- [What the exercise asks]
Quote the records exactly, starting at the first line and stopping after the line with "doc.linetypes.add('HIDDEN', pattern=[0.375, 0.25, -0.125])"; skip the pictures.

Stored items from a collection:
• • • • •

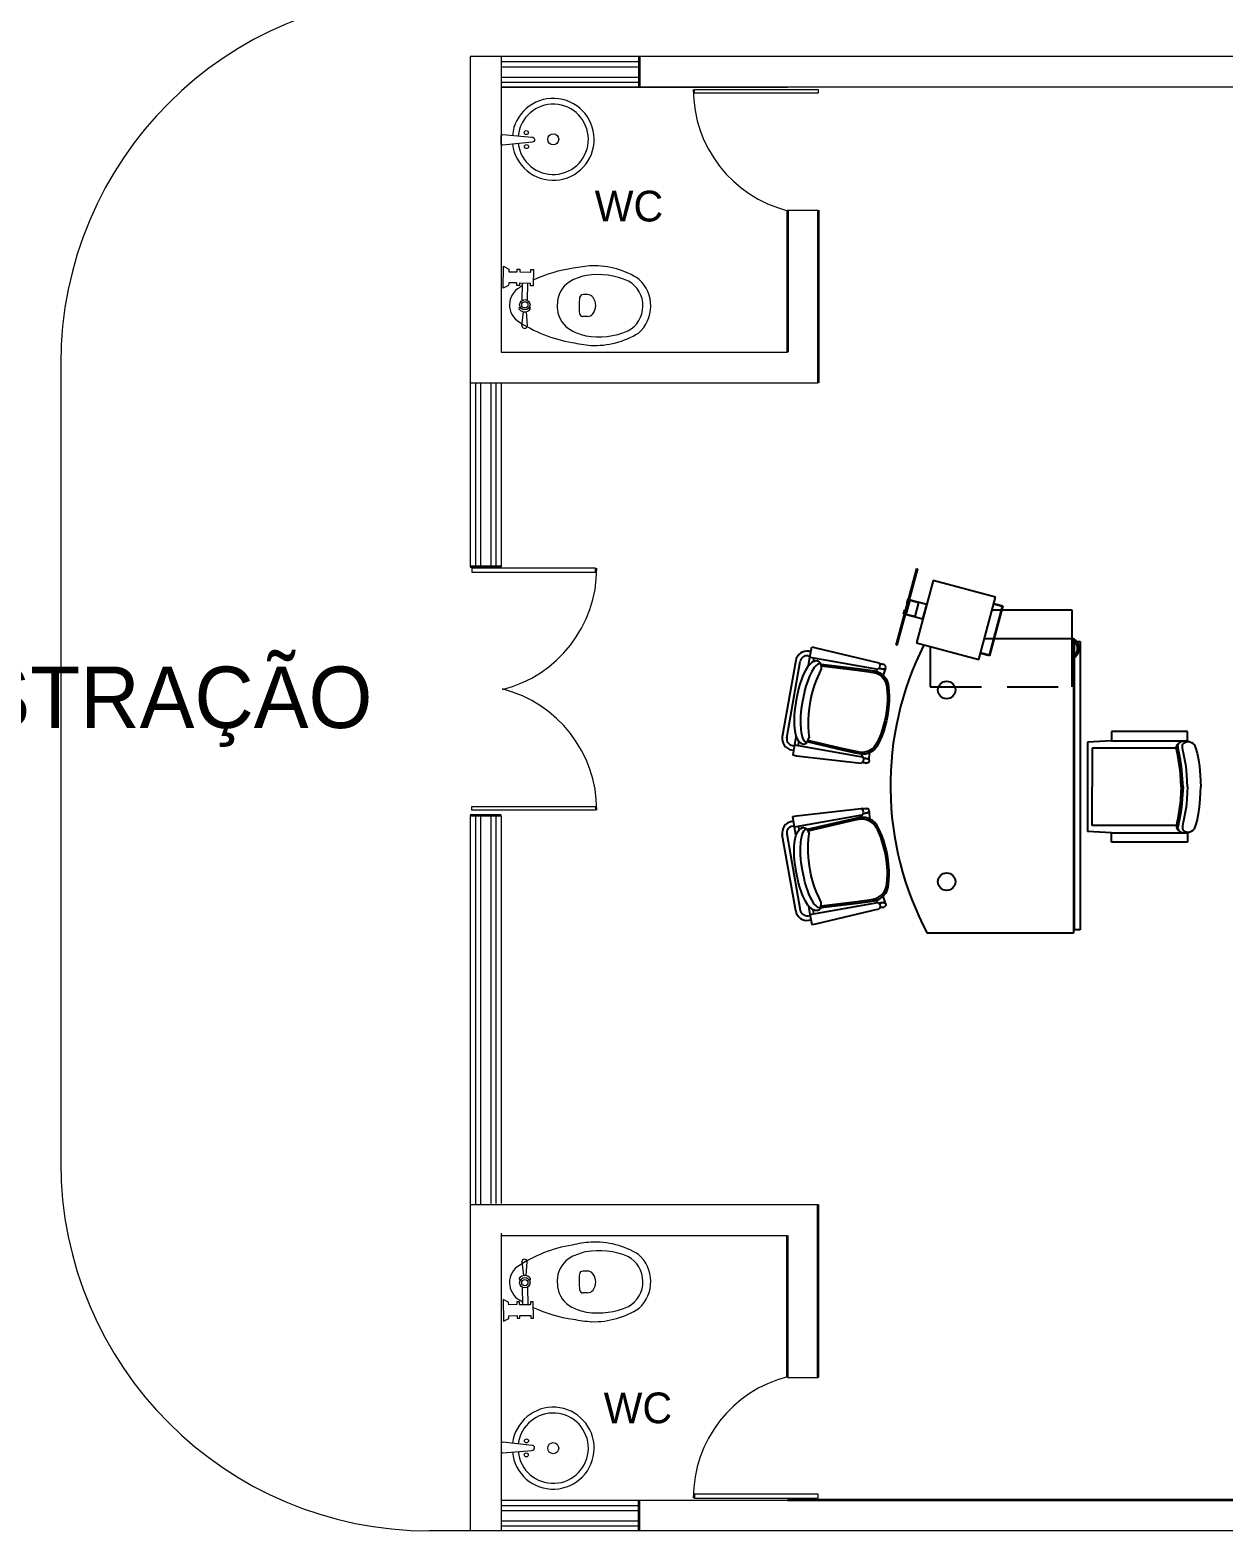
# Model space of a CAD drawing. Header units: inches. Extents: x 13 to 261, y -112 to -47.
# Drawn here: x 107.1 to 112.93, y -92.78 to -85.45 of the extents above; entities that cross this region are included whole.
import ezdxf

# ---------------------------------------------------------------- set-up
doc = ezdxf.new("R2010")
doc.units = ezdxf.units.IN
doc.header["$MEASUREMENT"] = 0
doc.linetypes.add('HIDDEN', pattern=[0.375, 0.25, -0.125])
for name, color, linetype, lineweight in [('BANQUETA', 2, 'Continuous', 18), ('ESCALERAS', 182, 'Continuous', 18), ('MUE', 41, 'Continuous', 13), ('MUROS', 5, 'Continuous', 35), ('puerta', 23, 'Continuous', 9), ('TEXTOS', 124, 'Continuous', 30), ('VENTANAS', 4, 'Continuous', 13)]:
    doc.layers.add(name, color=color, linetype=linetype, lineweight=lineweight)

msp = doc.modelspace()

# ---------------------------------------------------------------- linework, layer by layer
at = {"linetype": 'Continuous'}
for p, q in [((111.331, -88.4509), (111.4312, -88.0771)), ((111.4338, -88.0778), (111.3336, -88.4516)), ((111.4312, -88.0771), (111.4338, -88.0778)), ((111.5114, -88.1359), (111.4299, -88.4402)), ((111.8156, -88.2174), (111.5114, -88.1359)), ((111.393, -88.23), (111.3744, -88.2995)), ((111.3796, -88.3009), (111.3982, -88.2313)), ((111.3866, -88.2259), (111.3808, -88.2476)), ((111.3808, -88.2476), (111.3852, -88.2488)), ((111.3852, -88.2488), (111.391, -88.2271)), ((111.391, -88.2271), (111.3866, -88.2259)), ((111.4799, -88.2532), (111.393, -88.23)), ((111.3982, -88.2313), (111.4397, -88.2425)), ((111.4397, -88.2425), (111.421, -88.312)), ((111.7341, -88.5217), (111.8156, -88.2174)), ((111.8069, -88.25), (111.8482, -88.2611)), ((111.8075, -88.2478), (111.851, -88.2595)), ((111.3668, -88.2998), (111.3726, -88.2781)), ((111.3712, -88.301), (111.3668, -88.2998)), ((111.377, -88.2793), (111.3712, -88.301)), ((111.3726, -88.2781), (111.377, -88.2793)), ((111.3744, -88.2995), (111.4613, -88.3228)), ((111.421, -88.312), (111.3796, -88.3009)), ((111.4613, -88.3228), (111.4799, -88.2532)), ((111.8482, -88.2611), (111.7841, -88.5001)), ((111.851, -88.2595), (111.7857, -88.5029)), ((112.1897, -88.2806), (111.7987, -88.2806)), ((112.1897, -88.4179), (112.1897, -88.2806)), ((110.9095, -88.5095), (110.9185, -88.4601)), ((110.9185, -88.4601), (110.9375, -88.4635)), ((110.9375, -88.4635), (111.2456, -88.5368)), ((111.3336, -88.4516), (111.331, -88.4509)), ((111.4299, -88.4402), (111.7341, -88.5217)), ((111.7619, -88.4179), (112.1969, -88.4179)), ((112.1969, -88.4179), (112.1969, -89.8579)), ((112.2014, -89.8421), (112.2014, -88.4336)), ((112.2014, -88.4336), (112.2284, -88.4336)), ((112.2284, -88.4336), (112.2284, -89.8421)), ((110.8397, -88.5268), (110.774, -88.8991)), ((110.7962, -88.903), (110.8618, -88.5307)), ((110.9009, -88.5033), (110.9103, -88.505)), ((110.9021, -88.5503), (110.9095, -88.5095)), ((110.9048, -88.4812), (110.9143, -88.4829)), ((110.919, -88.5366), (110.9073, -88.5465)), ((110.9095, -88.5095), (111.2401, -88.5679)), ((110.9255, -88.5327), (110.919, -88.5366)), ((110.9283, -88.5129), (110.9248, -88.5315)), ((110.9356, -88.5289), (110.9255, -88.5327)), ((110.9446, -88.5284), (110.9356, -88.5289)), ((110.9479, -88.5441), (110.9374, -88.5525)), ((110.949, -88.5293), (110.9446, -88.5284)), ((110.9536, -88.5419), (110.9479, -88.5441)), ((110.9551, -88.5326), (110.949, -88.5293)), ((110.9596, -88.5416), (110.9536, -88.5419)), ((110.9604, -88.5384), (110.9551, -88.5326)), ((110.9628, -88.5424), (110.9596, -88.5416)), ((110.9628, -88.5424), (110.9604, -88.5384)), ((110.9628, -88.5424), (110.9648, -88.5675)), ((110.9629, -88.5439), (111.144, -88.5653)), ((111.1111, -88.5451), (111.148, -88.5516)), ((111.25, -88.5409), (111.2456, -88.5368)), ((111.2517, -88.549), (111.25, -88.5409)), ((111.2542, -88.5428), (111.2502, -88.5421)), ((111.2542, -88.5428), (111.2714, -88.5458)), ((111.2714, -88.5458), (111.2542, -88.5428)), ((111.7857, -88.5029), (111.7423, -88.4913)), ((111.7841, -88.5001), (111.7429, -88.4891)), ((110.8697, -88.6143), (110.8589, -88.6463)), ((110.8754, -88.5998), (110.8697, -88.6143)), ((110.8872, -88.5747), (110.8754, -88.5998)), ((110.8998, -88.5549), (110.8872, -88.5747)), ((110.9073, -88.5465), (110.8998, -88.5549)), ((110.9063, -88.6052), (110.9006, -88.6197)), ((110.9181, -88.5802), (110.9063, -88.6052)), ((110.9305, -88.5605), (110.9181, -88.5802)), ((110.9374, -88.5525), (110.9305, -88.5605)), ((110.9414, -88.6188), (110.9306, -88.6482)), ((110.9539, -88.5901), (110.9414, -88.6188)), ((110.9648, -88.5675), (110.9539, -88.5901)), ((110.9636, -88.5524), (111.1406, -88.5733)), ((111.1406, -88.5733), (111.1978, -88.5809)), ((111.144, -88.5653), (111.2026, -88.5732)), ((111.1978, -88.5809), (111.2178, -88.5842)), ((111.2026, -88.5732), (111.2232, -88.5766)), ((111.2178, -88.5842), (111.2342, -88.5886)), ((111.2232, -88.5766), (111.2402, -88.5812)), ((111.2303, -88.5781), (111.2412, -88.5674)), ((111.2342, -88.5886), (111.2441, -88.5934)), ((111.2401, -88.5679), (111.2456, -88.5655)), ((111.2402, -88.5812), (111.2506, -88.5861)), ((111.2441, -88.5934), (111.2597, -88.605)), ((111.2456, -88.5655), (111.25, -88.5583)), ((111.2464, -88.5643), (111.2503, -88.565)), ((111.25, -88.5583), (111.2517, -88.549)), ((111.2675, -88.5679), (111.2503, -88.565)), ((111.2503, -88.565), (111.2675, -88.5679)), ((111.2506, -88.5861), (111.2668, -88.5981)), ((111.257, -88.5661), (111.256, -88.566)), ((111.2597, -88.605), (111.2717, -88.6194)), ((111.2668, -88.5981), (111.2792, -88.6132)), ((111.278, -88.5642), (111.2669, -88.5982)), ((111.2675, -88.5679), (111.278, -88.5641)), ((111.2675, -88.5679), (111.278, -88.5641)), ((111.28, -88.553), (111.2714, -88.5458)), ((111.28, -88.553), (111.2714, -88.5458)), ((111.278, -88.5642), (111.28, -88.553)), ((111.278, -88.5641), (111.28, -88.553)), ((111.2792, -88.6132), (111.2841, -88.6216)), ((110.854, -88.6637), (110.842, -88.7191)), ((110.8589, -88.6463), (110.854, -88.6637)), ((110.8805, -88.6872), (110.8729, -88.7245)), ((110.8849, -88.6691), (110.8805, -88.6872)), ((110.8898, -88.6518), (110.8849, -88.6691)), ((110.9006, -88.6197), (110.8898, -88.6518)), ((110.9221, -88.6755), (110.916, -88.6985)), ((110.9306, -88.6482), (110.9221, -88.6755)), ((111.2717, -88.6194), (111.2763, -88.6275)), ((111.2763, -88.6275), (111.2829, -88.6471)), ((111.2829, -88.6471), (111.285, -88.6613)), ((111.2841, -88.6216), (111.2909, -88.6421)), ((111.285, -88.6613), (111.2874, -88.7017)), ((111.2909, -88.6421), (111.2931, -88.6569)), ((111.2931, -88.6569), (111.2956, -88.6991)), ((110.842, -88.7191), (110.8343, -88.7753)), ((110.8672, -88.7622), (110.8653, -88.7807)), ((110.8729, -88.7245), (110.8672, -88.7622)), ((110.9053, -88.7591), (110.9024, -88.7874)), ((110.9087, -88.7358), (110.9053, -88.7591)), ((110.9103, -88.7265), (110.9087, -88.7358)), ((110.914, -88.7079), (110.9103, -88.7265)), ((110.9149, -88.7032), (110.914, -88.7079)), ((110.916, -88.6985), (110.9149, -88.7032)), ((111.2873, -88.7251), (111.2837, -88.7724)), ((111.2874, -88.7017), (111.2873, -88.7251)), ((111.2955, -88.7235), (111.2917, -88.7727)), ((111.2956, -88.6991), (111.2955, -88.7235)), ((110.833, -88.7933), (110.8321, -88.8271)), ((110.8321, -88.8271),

• • • • •

- [Written response]
# Model space of a CAD drawing. Header units: inches. Extents: x 13 to 261, y -112 to -47.
# Drawn here: x 107.1 to 112.93, y -92.78 to -85.45 of the extents above; entities that cross this region are included whole.
import ezdxf

# ---------------------------------------------------------------- set-up
doc = ezdxf.new("R2010")
doc.units = ezdxf.units.IN
doc.header["$MEASUREMENT"] = 0
doc.linetypes.add('HIDDEN', pattern=[0.375, 0.25, -0.125])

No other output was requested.